# What is the correct differential gear oil?



## HickBoy (Aug 5, 2018)

I have a 1965 GTO and I believe (I am still green at this so I may be wrong) the original differential. The owners manual states to to use SAE-80 or SAE-90 Multi-Purpose gear lubricant meeting MIL-L-2105B requirements. It also states that if you have a Safe-T-Track you should get Lubricant Part No. 1050081. So I have no idea if I have a Safe-T-Track but I listed the specs that I can see from the outside.

My questions for a real newbie like myself (who totally enjoys trying new things...): 

1. What differential oil should I be using?
From reviewing the forum it seems something like Lucas 80W-90 GEAR OIL or any 80w-90 Gear oil would be acceptable.

2. Would attempting a differential oil change be something that I can royally screw up?
From all of the videos I have seen online it appears that making sure I properly seal the cover with a paste gasket maker and torquing the bolts correctly is my biggest hurdle.

Specs:

10 Bolt Cover
Casting Code: 9779822
Gear Code: WF

I believe that equates to a 1965 GTO Differential with 3.23 gears and an Automatic transmission which matches what my PHS docs state.


BTW: Thank you to everyone who answers these types of questions for the folks like me who are learning/breaking things as we go. I am totally enjoying the goat!


----------



## PontiacJim (Dec 29, 2012)

You do not have the Safe-T-Track (positraction) rear end.

Yes, any 80W-90 gear oil will work. I would not use a synthetic. Lucas brand is a good choice and what I have used.

Before pulling off the rear differential cover, I would first make sure that you can remove the fill plug. Typically the square hole in the plug is the same as a 3/8" drive breaker bar or ratchet. You don't want to find out that you cannot back out the fill plug for some reason and then have a differential that you drained the fluid out of and now cannot add any. If you can't get the plug loose, or it is more than your skill level, you can then drive it to a shop and have them do it - protects you from getting stuck in a bind.

If you can get the plug loose, then go ahead and drain the differential. Scrape all old gasket material off with a putty knife or razor blade so you have a nice clean surface. You can spray the cover with Brake Clean to get all the gear oil off and spray some on a rag and wipe the machined surface on the rear-end housing to get the gear oil off it.

Not sure what everyone uses on the gasket as far as sealer goes. I like the 3M Weatherstrip and Gasket Adhesive. Most will know it by its yellow color, but they also make it in black. I also like the Indian Shellac which is like a molasses you apply with a brush in a thin layer. Then there are the assorted silicone gasket materials. You can ask your local autoparts store what they might use as well. Just don't get too crazy on the thickness of your sealant, especially the silicone, as when you torque down the cover it will squeeze out - this is one of the reasons I like the Indian Shellac with brush applicator as you can brush on a nice thin even layer and know you did not over do it.
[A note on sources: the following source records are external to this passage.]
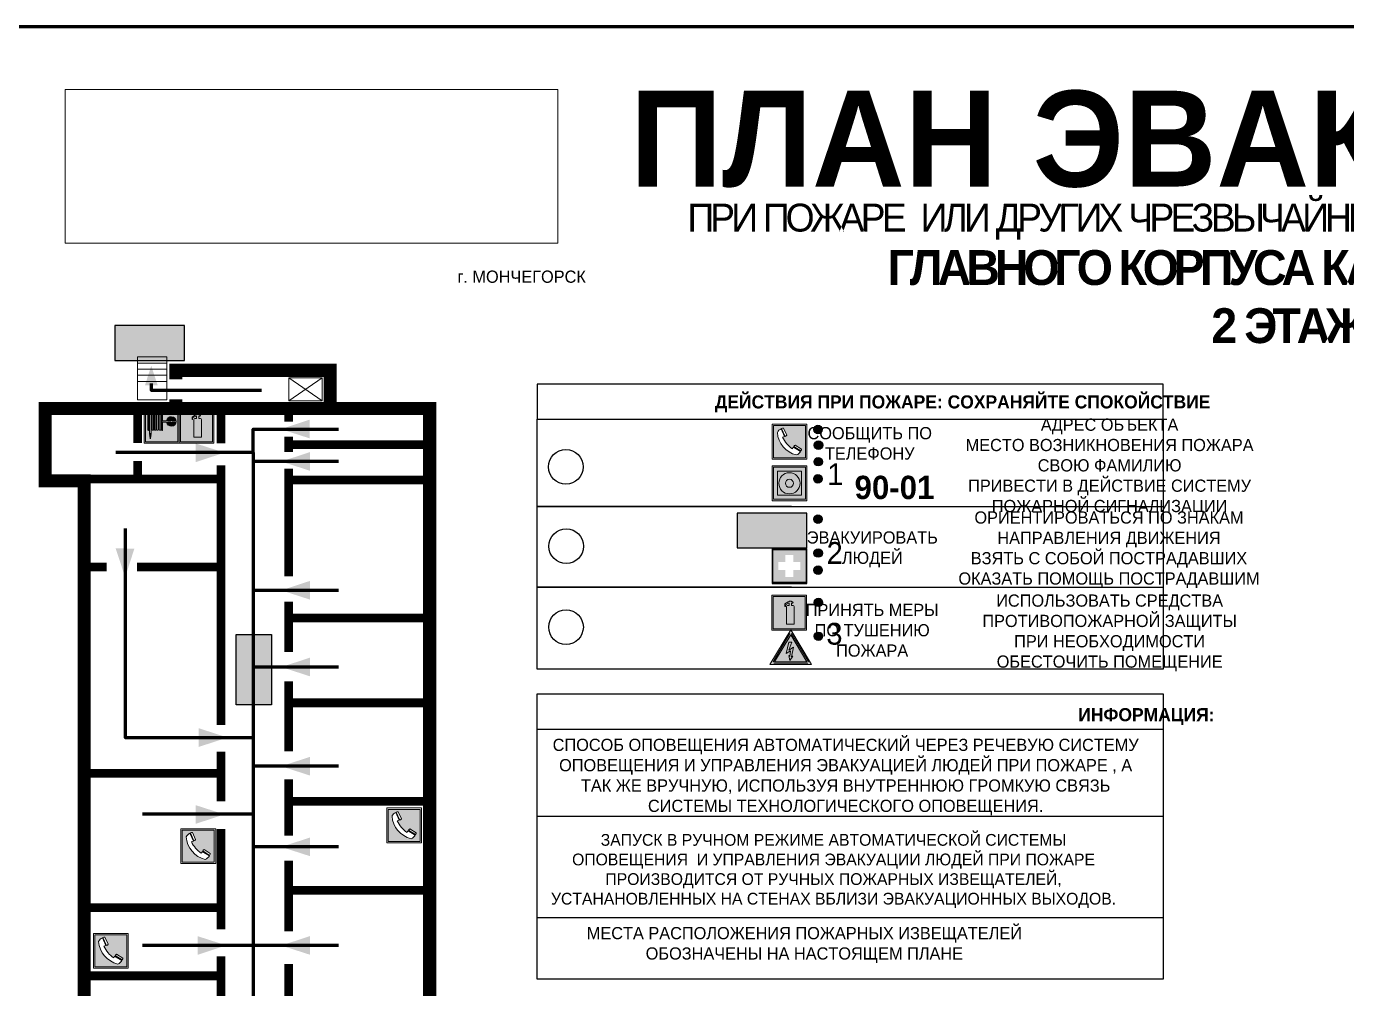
# Model space of a CAD drawing. Header units: millimetres. Extents: x 13810 to 67229, y 12374 to 21950.
# Drawn here: x 27635.8 to 27938.9, y 19653.1 to 19874 of the extents above; entities that cross this region are included whole.
import ezdxf

# ---------------------------------------------------------------- set-up
doc = ezdxf.new("R2010")
doc.units = ezdxf.units.MM
doc.layers.add('План_Штампы', color=7, linetype='Continuous')
doc.styles.add('обычный', font='arial.ttf')
picture_1 = doc.add_image_def('image1.jpg', size_in_pixel=(337, 105))

# ---------------------------------------------------------------- blocks, each defined once
blk = doc.blocks.new('A$C3E6D3DDE')
at = {"lineweight": 5}
h = blk.add_hatch(color=40, dxfattribs=at)
h.paths.add_polyline_path([(24.1, 1.45), (16.46, -11.35), (31.74, -11.35)])
h.paths.add_polyline_path([(24.09, -0.46), (30.03, -10.41), (18.14, -10.41)], flags=16)
h.paths.add_polyline_path([(24.54, -3.08), (23.41, -6.02), (25.13, -5.01), (24.33, -8.5), (24.82, -8.27), (23.79, -9.86), (23.4, -8.04), (23.8, -8.43), (24.04, -6.29), (22.39, -7.25), (23.44, -3.08)], flags=0)
h = blk.add_hatch(color=256, dxfattribs=at)
h.paths.add_polyline_path([(24.37, 0.03, 0.567511), (23.82, 0.03), (17.59, -10.4, 0.582454), (17.86, -10.88), (30.32, -10.88, 0.582149), (30.6, -10.4)])
h.paths.add_polyline_path([(24.09, -0.46), (18.14, -10.41), (30.03, -10.41)], flags=16)
h.paths.add_polyline_path([(24.54, -3.08), (23.41, -6.02), (25.13, -5.01), (24.33, -8.5), (24.82, -8.27), (23.79, -9.86), (23.4, -8.04), (23.8, -8.43), (24.04, -6.29), (22.39, -7.25), (23.44, -3.08)], flags=0)
h = blk.add_hatch(color=40, dxfattribs=at)
h.paths.add_polyline_path([(24.09, -0.46), (18.14, -10.41), (30.03, -10.41)])
h.paths.add_polyline_path([(24.82, -8.27), (23.79, -9.86), (23.4, -8.04), (23.8, -8.43), (24.04, -6.29), (22.39, -7.25), (23.44, -3.08), (24.54, -3.08), (23.41, -6.02), (25.13, -5.01), (24.33, -8.5)], flags=16)
at = {"color": 40, "lineweight": 5}
for p, q in [((16.46, -11.35), (24.1, 1.45)), ((24.1, 1.45), (31.74, -11.35))]:
    blk.add_line(p, q, dxfattribs=at)
at = {"lineweight": 5}
for p, q in [((17.59, -10.4), (23.82, 0.03)), ((24.37, 0.03), (30.6, -10.4)), ((18.14, -10.41), (24.09, -0.46)), ((23.44, -3.08), (22.39, -7.25)), ((23.41, -6.02), (24.54, -3.08)), ((24.54, -3.08), (23.44, -3.08)), ((24.09, -0.46), (30.03, -10.41)), ((22.39, -7.25), (24.04, -6.29)), ((23.8, -8.43), (23.4, -8.04)), ((23.4, -8.04), (23.79, -9.86)), ((25.13, -5.01), (23.41, -6.02)), ((23.79, -9.86), (24.82, -8.27)), ((24.04, -6.29), (23.8, -8.43)), ((24.33, -8.5), (25.13, -5.01)), ((24.82, -8.27), (24.33, -8.5)), ((17.86, -10.88), (30.32, -10.88)), ((18.14, -10.41), (30.03, -10.41))]:
    blk.add_line(p, q, dxfattribs=at)
at = {"color": 50, "lineweight": 5}
blk.add_line((31.74, -11.35), (16.46, -11.35), dxfattribs=at)
blk = doc.blocks.new('A$C456E1F9C')
at = {"lineweight": 5}
h = blk.add_hatch(color=242, dxfattribs=at)
h.paths.add_polyline_path([(0.51, -1.47), (0.51, -13.26), (12.29, -13.26), (12.29, -1.47)])
h.paths.add_polyline_path([(5.42, -4.95, -0.254479), (4.78, -5.4), (3.52, -2.53, -0.209735), (4.23, -2.4)], flags=16)
h.paths.add_polyline_path([(8.53, -8.6), (10.87, -10.17), (10.54, -10.76), (8.03, -9.13, -0.192251)], flags=16)
h.paths.add_polyline_path([(4.61, -5.49, 0.005518), (3.87, -5.72, 0.128647), (7.49, -10.01, 0.00809), (7.83, -9.33), (10.47, -10.97, -0.16736), (8.99, -12.25, -0.327862), (1.95, -3.95, -0.166952), (3.36, -2.62)], flags=16)
at = {"color": 242, "lineweight": 5}
for p, q in [((0, -13.77), (0, -0.97)), ((12.8, -0.97), (0, -0.97)), ((4.61, -5.49), (3.36, -2.62)), ((3.52, -2.53), (4.78, -5.4)), ((4.23, -2.4), (5.42, -4.95)), ((12.8, -13.77), (12.8, -0.97)), ((7.83, -9.33), (10.47, -10.97)), ((8.03, -9.13), (10.54, -10.76)), ((10.81, -10.12), (8.53, -8.6)), ((0, -13.77), (12.8, -13.77)), ((10.54, -10.76), (10.8, -10.3)), ((10.8, -10.3), (10.81, -10.12))]:
    blk.add_line(p, q, dxfattribs=at)
blk.add_lwpolyline([(0.51, -1.47), (12.29, -1.47), (12.29, -13.26), (0.51, -13.26)], close=True, dxfattribs=at)
for centre, radius, start, end in [((4.59, -5.34), 2.99, 114.2845, 152.1974), ((11.12, -3.31), 9.19, 183.9915, 256.6009), ((4.02, -3.27), 0.891, 76.3284, 123.7092), ((14.98, -39.1), 35.17, 107.1487, 108.4135), ((13.86, -0.94), 11.08, 205.5536, 234.8762), ((4.68, -4.59), 0.824, 276.9621, 334.0723), ((-13.31, 0.8), 23.44, 332.5487, 334.4027), ((8.94, -9.5), 0.989, 114.4092, 157.9388), ((7.87, -9.46), 3, 291.9291, 329.9329)]:
    blk.add_arc(centre, radius, start, end, dxfattribs=at)
blk = doc.blocks.new('A$C54414219')
at = {"true_color": 0xffffff}
h = blk.add_hatch(color=7, dxfattribs=at)
h.paths.add_polyline_path([(2.39, -9.45), (2.39, -18.3), (11.23, -18.3), (11.23, -9.45)], flags=0)
h.paths.add_polyline_path([(10.71, -13.87, -1), (2.92, -13.87, -1)], flags=0)
h.paths.add_polyline_path([(8.3, -13.87, -1), (5.33, -13.87, -1)], flags=0)
h.paths.add_polyline_path([(0.41, -7.47), (0.41, -20.27), (13.21, -20.27), (13.21, -7.47)])
h.paths.add_polyline_path([(0.92, -19.77), (12.71, -19.77), (12.71, -7.98), (0.92, -7.98)], flags=16)
h.paths.add_polyline_path([(11.23, -9.45), (11.23, -18.3), (2.39, -18.3), (2.39, -9.45)], flags=0)
at = {"lineweight": 5}
h = blk.add_hatch(color=242, dxfattribs=at)
h.paths.add_polyline_path([(12.71, -7.98), (0.92, -7.98), (0.92, -19.77), (12.71, -19.77)])
h.paths.add_polyline_path([(11.23, -18.3), (2.39, -18.3), (2.39, -9.45), (11.23, -9.45)], flags=16)
h.paths.add_polyline_path([(10.71, -13.87, -1), (2.92, -13.87, -1)], flags=0)
h.paths.add_polyline_path([(8.3, -13.87, -1), (5.33, -13.87, -1)], flags=0)
at = {"true_color": 0xffffff}
h = blk.add_hatch(color=7, dxfattribs=at)
h.paths.add_polyline_path([(2.39, -9.45), (2.39, -18.3), (11.23, -18.3), (11.23, -9.45)])
h.paths.add_polyline_path([(10.71, -13.87, -1), (2.92, -13.87, -1)], flags=16)
h.paths.add_polyline_path([(8.3, -13.87, -1), (5.33, -13.87, -1)], flags=0)
at = {"lineweight": 5}
h = blk.add_hatch(color=242, dxfattribs=at)
h.paths.add_polyline_path([(2.92, -13.87, 1), (10.71, -13.87, 1)])
h.paths.add_polyline_path([(8.3, -13.87, -1), (5.33, -13.87, -1)], flags=16)
at = {"color": 242, "lineweight": 5}
for p, q in [((0.41, -20.27), (0.41, -7.47)), ((0.41, -7.47), (13.21, -7.47)), ((0.41, -7.47), (13.21, -7.47)), ((13.21, -20.27), (13.21, -7.47)), ((0.41, -20.27), (13.21, -20.27))]:
    blk.add_line(p, q, dxfattribs=at)
for points in [[(0.92, -7.98), (12.71, -7.98), (12.71, -19.77), (0.92, -19.77)], [(2.39, -9.45), (11.23, -9.45), (11.23, -18.3), (2.39, -18.3)]]:
    blk.add_lwpolyline(points, close=True, dxfattribs=at)
for radius in [3.89, 1.49]:
    blk.add_circle((6.81, -13.87), radius, dxfattribs=at)
blk = doc.blocks.new('A$C32E8229D')
at = {"true_color": 0xffffff}
blk.add_hatch(color=7, dxfattribs=at).paths.add_polyline_path([(0, 0), (0, -8), (16, -8), (16, 0)])
h = blk.add_hatch(color=126)
h.paths.add_polyline_path([(0.2, -0.2), (15.8, -0.2), (15.8, -7.8), (0.2, -7.8)])
h.paths.add_polyline_path([(13.49, -2.05), (12.08, -2.05), (11.37, -2.63, 0.162397), (11.29, -2.84), (11.29, -3.63), (10.35, -3.63), (10.35, -4.05), (11.68, -4.05), (11.68, -3.48), (12.26, -4.28), (11.29, -5.1), (11.29, -6.78), (11.85, -6.78), (11.85, -5.44), (12.8, -4.64), (12.8, -5.94), (14.46, -5.94), (14.46, -5.39), (13.45, -5.39), (13.45, -3.97), (12.46, -2.59), (13.15, -2.59), (13.69, -3.34), (14.18, -3)], flags=16)
h.paths.add_polyline_path([(10.74, -1.82, 1), (11.8, -1.82, 1)], flags=16)
h.paths.add_polyline_path([(9.39, -3.59), (5.99, -3.59), (6.56, -3.03), (5.91, -3.03), (5.1, -3.83), (5.91, -4.64), (6.56, -4.64), (5.99, -4.09), (9.39, -4.09)], flags=16)
h.paths.add_polyline_path([(4.29, -1.08), (1.72, -1.08), (1.72, -6.6), (4.29, -6.6)], flags=16)
at = {"color": 126}
blk.add_lwpolyline([(16, -8), (0, -8), (0, 0), (16, 0)], close=True, dxfattribs=at)
blk = doc.blocks.new('A$C18900ED3')
h = blk.add_hatch(color=126)
h.paths.add_polyline_path([(-0.18, -0.18), (-7.02, -0.18), (-7.02, -7.02), (-0.18, -7.02)])
h.paths.add_polyline_path([(-5.89, -4.46), (-5.89, -2.77), (-4.46, -2.77), (-4.46, -1.31), (-2.77, -1.31), (-2.77, -2.77), (-1.33, -2.77), (-1.33, -4.46), (-2.77, -4.46), (-2.77, -5.89), (-4.46, -5.89), (-4.46, -4.46)], flags=16)
at = {"color": 126}
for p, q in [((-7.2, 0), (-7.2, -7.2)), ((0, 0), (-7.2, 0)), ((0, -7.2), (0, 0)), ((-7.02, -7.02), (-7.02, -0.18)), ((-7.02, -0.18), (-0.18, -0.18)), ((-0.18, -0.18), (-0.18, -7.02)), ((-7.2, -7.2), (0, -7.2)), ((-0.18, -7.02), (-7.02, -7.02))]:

Whatever you use, coat each side of the differential cover gasket with it and install it and your cover. Then torque your bolts down.

Add your gear oil and fill just until the gear oil runs back out of the hole - make sure the car is level and not jacked up or you will not get the correct fill level. Too much gear oil and you could blow out a seal from internal pressure.

I think that about covers it. YouTube also has a couple videos if needed.


----------



## integrity6987 (May 10, 2017)

HickBoy - super clean under there!!

ALL: How often should this be done as preventive? Mine has the tag and I know it is Safe-T-Track from PHS (and observation ;-D ) On my car this would have been done in 2004 - but only about 13K miles ago.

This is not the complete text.